Problem statement
Each line of the records that includes "Transition" should be found and copied.

** Exercise materials follows **

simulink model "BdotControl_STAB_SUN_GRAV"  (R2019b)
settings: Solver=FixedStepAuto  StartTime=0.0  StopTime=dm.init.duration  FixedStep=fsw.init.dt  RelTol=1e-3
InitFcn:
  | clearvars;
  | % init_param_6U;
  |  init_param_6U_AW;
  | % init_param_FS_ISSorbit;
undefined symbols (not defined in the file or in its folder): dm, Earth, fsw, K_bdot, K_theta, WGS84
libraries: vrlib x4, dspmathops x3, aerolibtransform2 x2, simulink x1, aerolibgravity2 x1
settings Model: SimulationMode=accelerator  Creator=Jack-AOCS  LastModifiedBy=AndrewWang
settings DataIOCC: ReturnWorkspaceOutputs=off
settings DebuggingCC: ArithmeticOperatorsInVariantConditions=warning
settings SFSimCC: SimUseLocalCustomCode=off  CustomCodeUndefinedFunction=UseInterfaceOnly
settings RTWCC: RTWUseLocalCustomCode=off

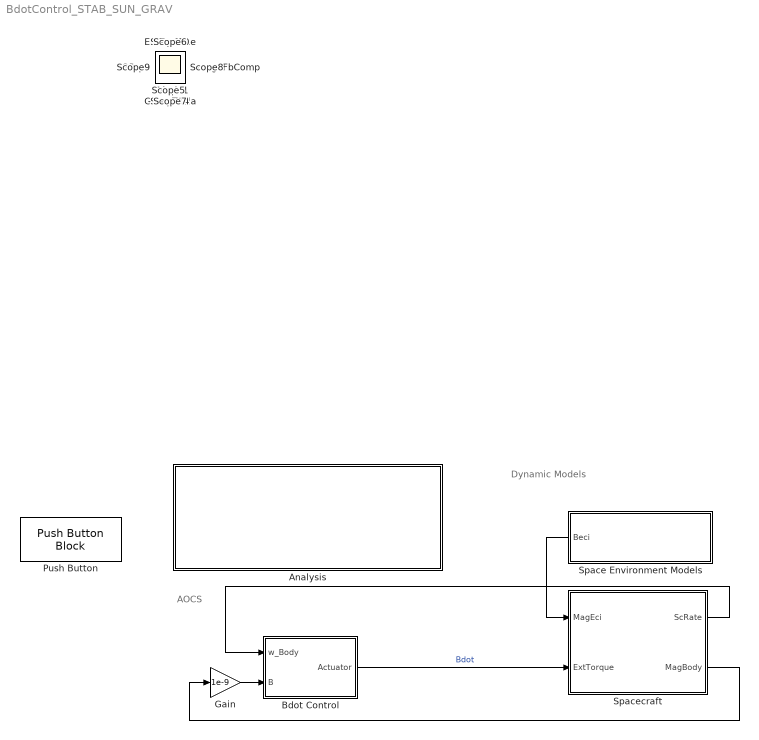
== system BdotControl_STAB_SUN_GRAV ==
  note: AOCS
  note: Dynamic Models
  Analysis : Subsystem
  Bdot Control : Subsystem
  Gain : Gain  Gain=1e-9
  Push Button : PushButtonBlock
  Space Environment Models : Subsystem
  Spacecraft : Subsystem
  BdotMc : Scope
  ExtTvsRate : Scope
  GaussTesla : Scope
  OmegaFbComp : Scope
  Rate : Scope
  Scope{,1..2,4..10,14} (11 alike) : Scope
  wires:
  Spacecraft/2(MagBody) -> Gain/1
  Space Environment Models/1(Beci) -> Spacecraft/1(MagEci)
  Bdot Control/1(Actuator) -> Spacecraft/2(ExtTorque)  "Bdot"
  Gain/1 -> Bdot Control/2(B)
  Spacecraft/1(ScRate) -> Bdot Control/1(w_Body)

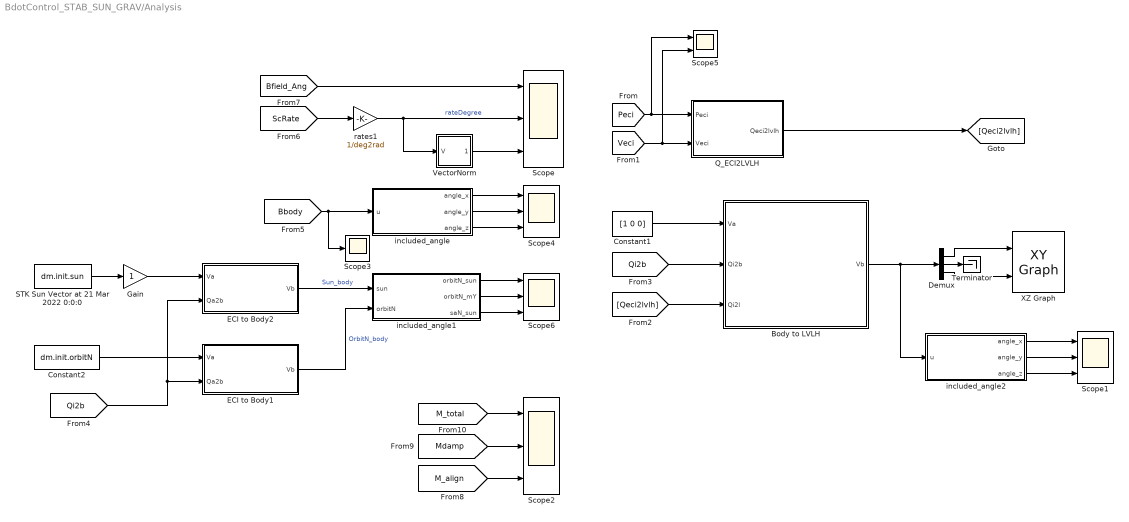
== system BdotControl_STAB_SUN_GRAV/Analysis ==
  Body to LVLH : MATLAB Function  TreatAsAtomicUnit=on
  Constant1 : Constant  Value=[1 0 0]
  Constant2 : Constant  Value=dm.init.orbitN
  Demux : Demux  Outputs=3
  ECI to Body1 : MATLAB Function  TreatAsAtomicUnit=on
  ECI to Body2 : MATLAB Function  TreatAsAtomicUnit=on
  Gain : Gain
  Q_ECI2LVLH : MATLAB Function  TreatAsAtomicUnit=on
  "STK Sun Vector at 21 Mar 2022 0:0:0 " : Constant  Value=dm.init.sun
  Scope{,1..2,4,6} (5 alike) : Scope  NumInputPorts=3
  Scope3 : Scope
  Scope5 : Scope  NumInputPorts=2
  Terminator : Terminator
  VectorNorm : Subsystem
  XZ Graph : simulink/Sinks/XY Graph  xmin=-1  xmax=1  ymin=-1  ymax=1  st=-1
  included_angle : MATLAB Function  TreatAsAtomicUnit=on
  included_angle1 : MATLAB Function  TreatAsAtomicUnit=on
  included_angle2 : MATLAB Function  TreatAsAtomicUnit=on
  rates1 : Gain  Gain=1/deg2rad
  wires:
  Q_ECI2LVLH/1(Qeci2lvlh) -> [Qeci2lvlh]
  [Peci] -> Scope5/1, Q_ECI2LVLH/1(Peci)
  Demux/1 -> XZ Graph/1
  Body to LVLH/1(Vb) -> included_angle2/1(u), Demux/1
  Constant1/1 -> Body to LVLH/1(Va)
  Demux/3 -> XZ Graph/2
  Demux/2 -> Terminator/1
  [Qeci2lvlh] -> Body to LVLH/3(Qi2l)
  [Qi2b] -> Body to LVLH/2(Qi2b)
  ECI to Body1/1(Vb) -> included_angle1/2(orbitN)  "OrbitN_body"
  "STK Sun Vector at 21 Mar 2022 0:0:0 "/1 -> Gain/1
  Gain/1 -> ECI to Body2/1(Va)
  ECI to Body2/1(Vb) -> included_angle1/1(sun)  "Sun_body"
  [Qi2b] -> ECI to Body2/2(Qa2b), ECI to Body1/2(Qa2b)
  Constant2/1 -> ECI to Body1/1(Va)
  included_angle1/2(orbitN_mY) -> Scope6/2
  included_angle1/3(saN_sun) -> Scope6/3
  included_angle1/1(orbitN_sun) -> Scope6/1
  included_angle/3(angle_z) -> Scope4/3
  included_angle/2(angle_y) -> Scope4/2
  included_angle/1(angle_x) -> Scope4/1
  [Bbody] -> Scope3/1, included_angle/1(u)
  VectorNorm/1(normV) -> Scope/3
  rates1/1 -> VectorNorm/1(V), Scope/2  "rateDegree"
  [ScRate] -> rates1/1
  included_angle2/1(angle_x) -> Scope1/1
  included_angle2/2(angle_y) -> Scope1/2
  included_angle2/3(angle_z) -> Scope1/3
  [M_total] -> Scope2/1
  [Mdamp] -> Scope2/2
  [M_align] -> Scope2/3
  [Bfield_Ang] -> Scope/1
  [Veci] -> Q_ECI2LVLH/2(Veci), Scope5/2

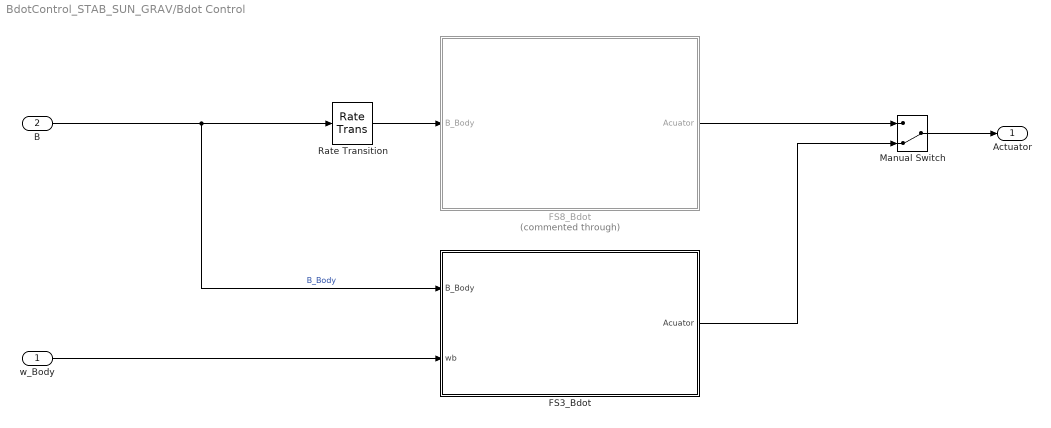
== system BdotControl_STAB_SUN_GRAV/Bdot Control ==
  w_Body : Inport
  B : Inport  Port=2
  FS3_Bdot : Subsystem
  FS8_Bdot : Subsystem  Commented=through
  Manual Switch : ManualSwitch  CurrentSetting=0
  Rate Transition : RateTransition  OutPortSampleTime=fsw.init_FS.dt
  Actuator : Outport  VectorParamsAs1DForOutWhenUnconnected=off
  wires:
  B/1 -> FS3_Bdot/1(B_Body), Rate Transition/1  "B_Body"
  Manual Switch/1 -> Actuator/1
  FS8_Bdot/1(Acuator) -> Manual Switch/1
  FS3_Bdot/1(Acuator) -> Manual Switch/2
  w_Body/1 -> FS3_Bdot/2(wb)
  Rate Transition/1 -> FS8_Bdot/1(B_Body)

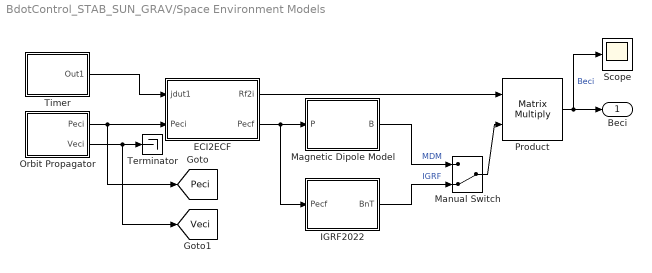
== system BdotControl_STAB_SUN_GRAV/Space Environment Models ==
  ECI2ECF : MATLAB Function  TreatAsAtomicUnit=on
  IGRF2022 : Subsystem
  Magnetic Dipole Model : MATLAB Function  TreatAsAtomicUnit=on
  Manual Switch : ManualSwitch  CurrentSetting=0
  "Orbit Propagator " : Subsystem
  Product : Product  Multiplication=Matrix(*)
  Scope : Scope
  Terminator : Terminator
  Timer : Subsystem
  Beci : Outport  VectorParamsAs1DForOutWhenUnconnected=off
  tag scope: Peci=global, Veci=global
  wires:
  ECI2ECF/1(Rf2i) -> Product/1
  Product/1 -> Scope/1, Beci/1  "Beci"
  "Orbit Propagator "/1(Peci) -> ECI2ECF/2(Peci), [Peci]
  "Orbit Propagator "/2(Veci) -> Terminator/1, [Veci]
  Timer/1(Out1) -> ECI2ECF/1(jdut1)
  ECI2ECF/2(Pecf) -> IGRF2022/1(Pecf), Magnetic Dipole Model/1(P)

** End of Exercise materials **

Written solution
  Rate Transition : RateTransition  OutPortSampleTime=fsw.init_FS.dt
  B/1 -> FS3_Bdot/1(B_Body), Rate Transition/1  "B_Body"
  Rate Transition/1 -> FS8_Bdot/1(B_Body)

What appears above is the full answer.